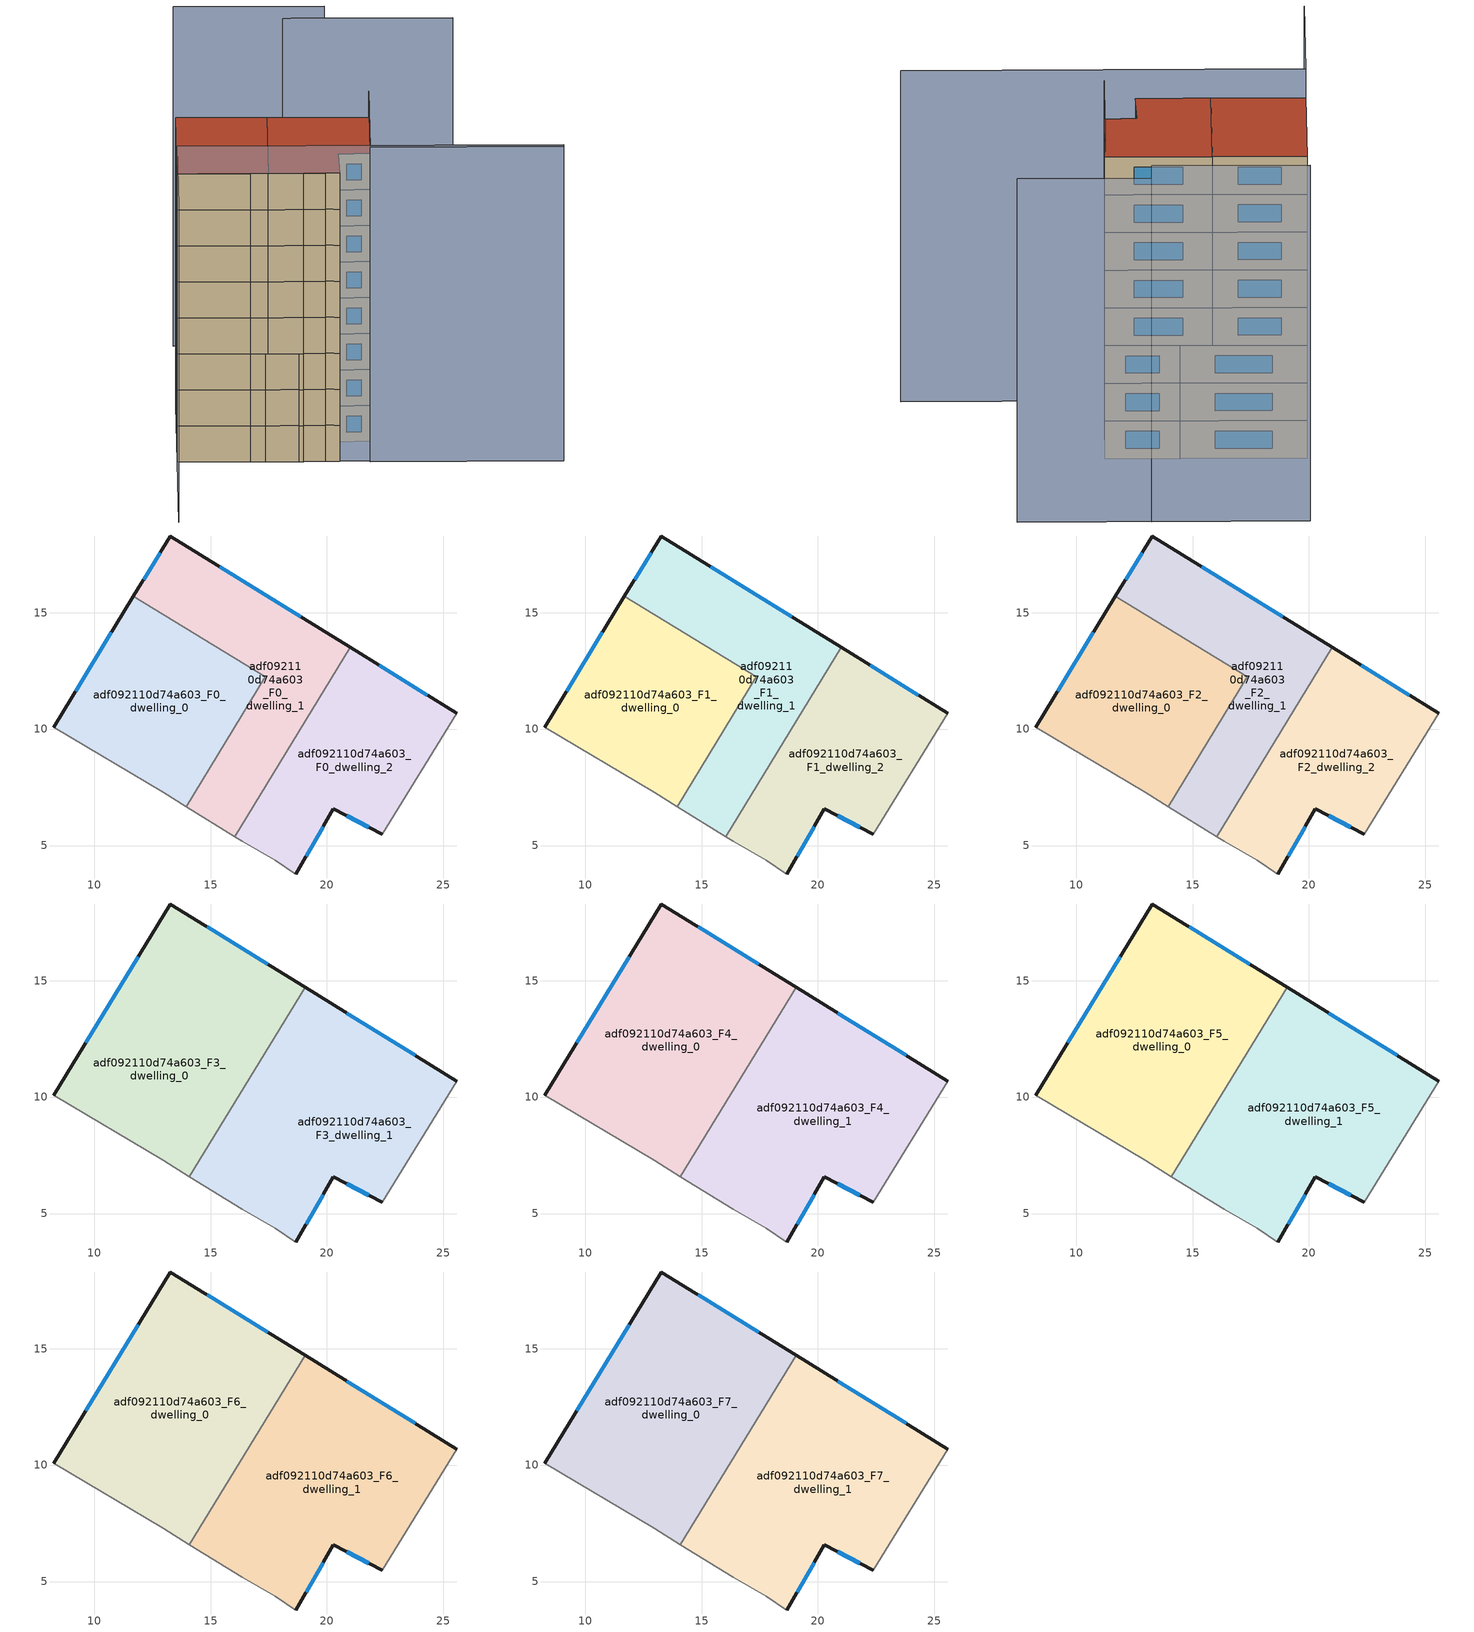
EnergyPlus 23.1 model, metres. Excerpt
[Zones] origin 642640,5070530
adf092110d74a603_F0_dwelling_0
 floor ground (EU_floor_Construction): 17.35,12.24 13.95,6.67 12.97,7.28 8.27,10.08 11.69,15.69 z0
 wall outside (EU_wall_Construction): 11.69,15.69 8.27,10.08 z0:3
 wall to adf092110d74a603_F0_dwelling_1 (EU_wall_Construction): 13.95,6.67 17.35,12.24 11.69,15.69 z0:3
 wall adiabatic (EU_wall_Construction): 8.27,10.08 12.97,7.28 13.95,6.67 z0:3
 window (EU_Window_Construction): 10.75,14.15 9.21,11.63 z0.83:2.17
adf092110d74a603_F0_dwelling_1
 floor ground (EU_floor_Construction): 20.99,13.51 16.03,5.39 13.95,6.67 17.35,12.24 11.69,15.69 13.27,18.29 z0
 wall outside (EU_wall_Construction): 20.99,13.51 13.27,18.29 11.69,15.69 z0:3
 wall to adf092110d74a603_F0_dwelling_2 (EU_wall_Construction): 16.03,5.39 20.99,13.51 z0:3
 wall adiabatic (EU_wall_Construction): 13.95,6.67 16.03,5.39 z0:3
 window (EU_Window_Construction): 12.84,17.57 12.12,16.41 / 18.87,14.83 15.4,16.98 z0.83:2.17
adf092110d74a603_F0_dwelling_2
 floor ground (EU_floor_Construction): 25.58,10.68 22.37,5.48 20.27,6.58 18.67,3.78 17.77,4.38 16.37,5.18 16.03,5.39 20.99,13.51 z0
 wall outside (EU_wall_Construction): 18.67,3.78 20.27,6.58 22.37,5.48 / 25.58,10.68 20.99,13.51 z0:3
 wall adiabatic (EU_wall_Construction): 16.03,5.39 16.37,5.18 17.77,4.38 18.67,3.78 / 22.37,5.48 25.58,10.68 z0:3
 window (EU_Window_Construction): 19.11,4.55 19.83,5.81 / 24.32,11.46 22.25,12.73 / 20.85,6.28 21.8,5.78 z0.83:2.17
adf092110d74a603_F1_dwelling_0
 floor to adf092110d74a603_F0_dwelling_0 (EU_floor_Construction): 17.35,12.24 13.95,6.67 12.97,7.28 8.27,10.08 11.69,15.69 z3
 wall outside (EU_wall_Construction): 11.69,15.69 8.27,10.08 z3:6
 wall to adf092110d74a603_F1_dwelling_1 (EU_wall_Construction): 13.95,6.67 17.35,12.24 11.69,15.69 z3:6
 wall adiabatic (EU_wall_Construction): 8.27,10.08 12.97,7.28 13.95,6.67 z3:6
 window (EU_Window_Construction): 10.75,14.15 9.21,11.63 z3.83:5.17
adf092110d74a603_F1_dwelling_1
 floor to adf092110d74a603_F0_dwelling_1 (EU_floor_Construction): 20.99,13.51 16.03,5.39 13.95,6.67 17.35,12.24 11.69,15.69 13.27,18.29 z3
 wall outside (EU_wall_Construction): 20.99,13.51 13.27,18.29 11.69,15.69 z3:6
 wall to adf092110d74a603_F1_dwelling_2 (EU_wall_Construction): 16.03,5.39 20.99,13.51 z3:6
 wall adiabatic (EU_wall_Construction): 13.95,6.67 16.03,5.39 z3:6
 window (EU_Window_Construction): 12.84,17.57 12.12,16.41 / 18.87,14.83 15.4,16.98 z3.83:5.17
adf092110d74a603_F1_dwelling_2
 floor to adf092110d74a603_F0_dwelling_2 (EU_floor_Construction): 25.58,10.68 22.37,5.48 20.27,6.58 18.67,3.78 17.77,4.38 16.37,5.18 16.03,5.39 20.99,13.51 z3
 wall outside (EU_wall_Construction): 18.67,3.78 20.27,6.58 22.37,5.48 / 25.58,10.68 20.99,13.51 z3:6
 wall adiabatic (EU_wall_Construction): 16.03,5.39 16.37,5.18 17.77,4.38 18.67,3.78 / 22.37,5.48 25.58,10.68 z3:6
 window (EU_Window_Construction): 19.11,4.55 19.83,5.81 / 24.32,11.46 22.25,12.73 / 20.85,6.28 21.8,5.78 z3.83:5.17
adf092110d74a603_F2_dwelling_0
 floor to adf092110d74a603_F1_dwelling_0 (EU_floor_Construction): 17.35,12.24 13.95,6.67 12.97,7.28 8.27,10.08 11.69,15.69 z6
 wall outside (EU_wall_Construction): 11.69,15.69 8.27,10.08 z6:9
= = = = =
Assigned task – Out of the data above, return each line where the word "adiabatic" can be found.

Problem solution –
 wall adiabatic (EU_wall_Construction): 8.27,10.08 12.97,7.28 13.95,6.67 z0:3
 wall adiabatic (EU_wall_Construction): 13.95,6.67 16.03,5.39 z0:3
 wall adiabatic (EU_wall_Construction): 16.03,5.39 16.37,5.18 17.77,4.38 18.67,3.78 / 22.37,5.48 25.58,10.68 z0:3
 wall adiabatic (EU_wall_Construction): 8.27,10.08 12.97,7.28 13.95,6.67 z3:6
 wall adiabatic (EU_wall_Construction): 13.95,6.67 16.03,5.39 z3:6
 wall adiabatic (EU_wall_Construction): 16.03,5.39 16.37,5.18 17.77,4.38 18.67,3.78 / 22.37,5.48 25.58,10.68 z3:6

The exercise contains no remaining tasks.